(Input)
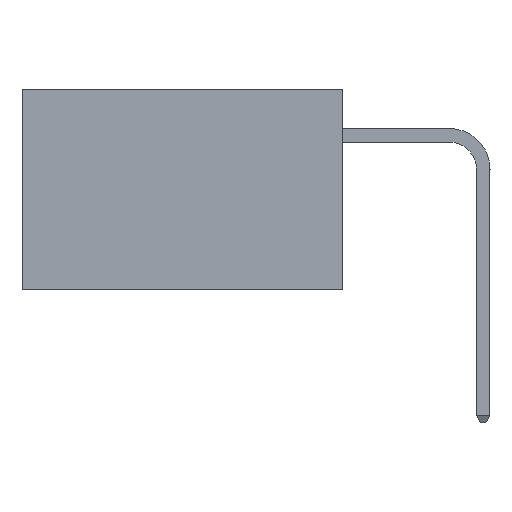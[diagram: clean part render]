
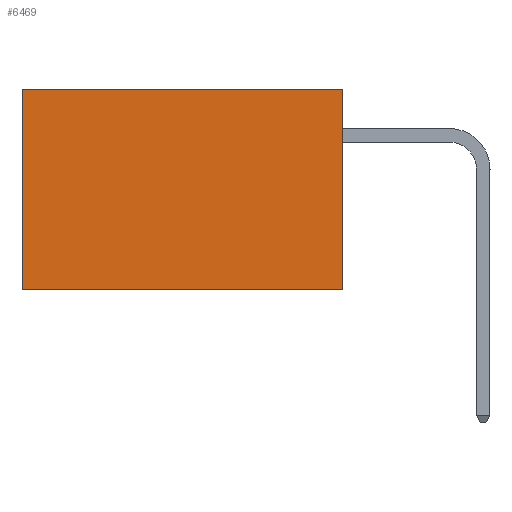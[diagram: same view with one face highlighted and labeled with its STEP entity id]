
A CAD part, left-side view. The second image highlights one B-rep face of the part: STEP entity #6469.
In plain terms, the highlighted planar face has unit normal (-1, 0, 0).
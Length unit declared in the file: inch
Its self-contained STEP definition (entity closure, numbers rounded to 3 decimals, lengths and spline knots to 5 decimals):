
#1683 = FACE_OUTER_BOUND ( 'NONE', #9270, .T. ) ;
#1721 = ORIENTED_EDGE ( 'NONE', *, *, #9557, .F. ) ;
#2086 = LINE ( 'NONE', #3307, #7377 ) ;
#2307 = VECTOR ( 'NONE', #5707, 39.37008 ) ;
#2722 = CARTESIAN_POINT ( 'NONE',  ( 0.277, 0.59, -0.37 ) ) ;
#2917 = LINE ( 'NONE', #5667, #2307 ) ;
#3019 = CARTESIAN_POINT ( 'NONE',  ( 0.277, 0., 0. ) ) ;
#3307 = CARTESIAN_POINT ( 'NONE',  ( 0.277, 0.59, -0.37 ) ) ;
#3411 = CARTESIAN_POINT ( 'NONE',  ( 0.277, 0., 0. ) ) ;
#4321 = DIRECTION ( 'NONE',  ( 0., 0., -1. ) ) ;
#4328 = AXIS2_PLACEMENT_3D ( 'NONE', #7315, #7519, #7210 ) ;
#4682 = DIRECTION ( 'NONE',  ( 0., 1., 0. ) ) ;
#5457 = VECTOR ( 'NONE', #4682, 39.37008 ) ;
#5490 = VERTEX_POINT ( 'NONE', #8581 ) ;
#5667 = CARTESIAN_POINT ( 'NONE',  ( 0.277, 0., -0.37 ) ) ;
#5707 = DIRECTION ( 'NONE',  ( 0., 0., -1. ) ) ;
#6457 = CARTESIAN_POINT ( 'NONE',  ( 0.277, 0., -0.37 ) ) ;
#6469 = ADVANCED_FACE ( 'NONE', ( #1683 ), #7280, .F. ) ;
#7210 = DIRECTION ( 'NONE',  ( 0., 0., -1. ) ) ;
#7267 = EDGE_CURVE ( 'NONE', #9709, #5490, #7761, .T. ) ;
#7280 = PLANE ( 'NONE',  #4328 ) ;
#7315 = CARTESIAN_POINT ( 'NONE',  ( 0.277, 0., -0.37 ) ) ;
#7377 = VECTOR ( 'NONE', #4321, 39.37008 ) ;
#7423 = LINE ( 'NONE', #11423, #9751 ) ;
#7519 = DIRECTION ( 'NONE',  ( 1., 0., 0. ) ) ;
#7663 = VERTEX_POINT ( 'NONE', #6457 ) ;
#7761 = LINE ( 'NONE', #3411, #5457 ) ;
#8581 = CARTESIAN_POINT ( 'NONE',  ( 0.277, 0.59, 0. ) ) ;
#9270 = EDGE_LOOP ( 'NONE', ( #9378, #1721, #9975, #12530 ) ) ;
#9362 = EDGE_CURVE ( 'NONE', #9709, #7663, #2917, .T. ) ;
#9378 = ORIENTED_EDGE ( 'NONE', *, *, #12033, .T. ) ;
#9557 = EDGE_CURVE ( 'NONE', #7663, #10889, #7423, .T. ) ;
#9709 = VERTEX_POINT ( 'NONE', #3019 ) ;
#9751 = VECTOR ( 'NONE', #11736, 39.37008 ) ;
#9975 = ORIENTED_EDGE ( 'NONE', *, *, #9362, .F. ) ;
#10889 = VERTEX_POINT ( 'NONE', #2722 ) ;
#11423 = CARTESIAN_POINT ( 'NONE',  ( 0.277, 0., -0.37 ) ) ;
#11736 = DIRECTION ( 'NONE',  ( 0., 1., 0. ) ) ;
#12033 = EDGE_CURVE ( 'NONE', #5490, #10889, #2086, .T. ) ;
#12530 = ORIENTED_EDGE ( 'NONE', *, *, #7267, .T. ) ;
(End Input)
> [What to work on]:
Return the listing above unchanged, apart from dropping its pictures.

> [Solution for this task]:
[diagram: clean part render]
[diagram: same view with one face highlighted and labeled with its STEP entity id]
A CAD part, left-side view. The second image highlights one B-rep face of the part: STEP entity #6469.
In plain terms, the highlighted planar face has unit normal (-1, 0, 0).
Length unit declared in the file: inch
Its self-contained STEP definition (entity closure, numbers rounded to 3 decimals, lengths and spline knots to 5 decimals):
#1683 = FACE_OUTER_BOUND ( 'NONE', #9270, .T. ) ;
#1721 = ORIENTED_EDGE ( 'NONE', *, *, #9557, .F. ) ;
#2086 = LINE ( 'NONE', #3307, #7377 ) ;
#2307 = VECTOR ( 'NONE', #5707, 39.37008 ) ;
#2722 = CARTESIAN_POINT ( 'NONE',  ( 0.277, 0.59, -0.37 ) ) ;
#2917 = LINE ( 'NONE', #5667, #2307 ) ;
#3019 = CARTESIAN_POINT ( 'NONE',  ( 0.277, 0., 0. ) ) ;
#3307 = CARTESIAN_POINT ( 'NONE',  ( 0.277, 0.59, -0.37 ) ) ;
#3411 = CARTESIAN_POINT ( 'NONE',  ( 0.277, 0., 0. ) ) ;
#4321 = DIRECTION ( 'NONE',  ( 0., 0., -1. ) ) ;
#4328 = AXIS2_PLACEMENT_3D ( 'NONE', #7315, #7519, #7210 ) ;
#4682 = DIRECTION ( 'NONE',  ( 0., 1., 0. ) ) ;
#5457 = VECTOR ( 'NONE', #4682, 39.37008 ) ;
#5490 = VERTEX_POINT ( 'NONE', #8581 ) ;
#5667 = CARTESIAN_POINT ( 'NONE',  ( 0.277, 0., -0.37 ) ) ;
#5707 = DIRECTION ( 'NONE',  ( 0., 0., -1. ) ) ;
#6457 = CARTESIAN_POINT ( 'NONE',  ( 0.277, 0., -0.37 ) ) ;
#6469 = ADVANCED_FACE ( 'NONE', ( #1683 ), #7280, .F. ) ;
#7210 = DIRECTION ( 'NONE',  ( 0., 0., -1. ) ) ;
#7267 = EDGE_CURVE ( 'NONE', #9709, #5490, #7761, .T. ) ;
#7280 = PLANE ( 'NONE',  #4328 ) ;
#7315 = CARTESIAN_POINT ( 'NONE',  ( 0.277, 0., -0.37 ) ) ;
#7377 = VECTOR ( 'NONE', #4321, 39.37008 ) ;
#7423 = LINE ( 'NONE', #11423, #9751 ) ;
#7519 = DIRECTION ( 'NONE',  ( 1., 0., 0. ) ) ;
#7663 = VERTEX_POINT ( 'NONE', #6457 ) ;
#7761 = LINE ( 'NONE', #3411, #5457 ) ;
#8581 = CARTESIAN_POINT ( 'NONE',  ( 0.277, 0.59, 0. ) ) ;
#9270 = EDGE_LOOP ( 'NONE', ( #9378, #1721, #9975, #12530 ) ) ;
#9362 = EDGE_CURVE ( 'NONE', #9709, #7663, #2917, .T. ) ;
#9378 = ORIENTED_EDGE ( 'NONE', *, *, #12033, .T. ) ;
#9557 = EDGE_CURVE ( 'NONE', #7663, #10889, #7423, .T. ) ;
#9709 = VERTEX_POINT ( 'NONE', #3019 ) ;
#9751 = VECTOR ( 'NONE', #11736, 39.37008 ) ;
#9975 = ORIENTED_EDGE ( 'NONE', *, *, #9362, .F. ) ;
#10889 = VERTEX_POINT ( 'NONE', #2722 ) ;
#11423 = CARTESIAN_POINT ( 'NONE',  ( 0.277, 0., -0.37 ) ) ;
#11736 = DIRECTION ( 'NONE',  ( 0., 1., 0. ) ) ;
#12033 = EDGE_CURVE ( 'NONE', #5490, #10889, #2086, .T. ) ;
#12530 = ORIENTED_EDGE ( 'NONE', *, *, #7267, .T. ) ;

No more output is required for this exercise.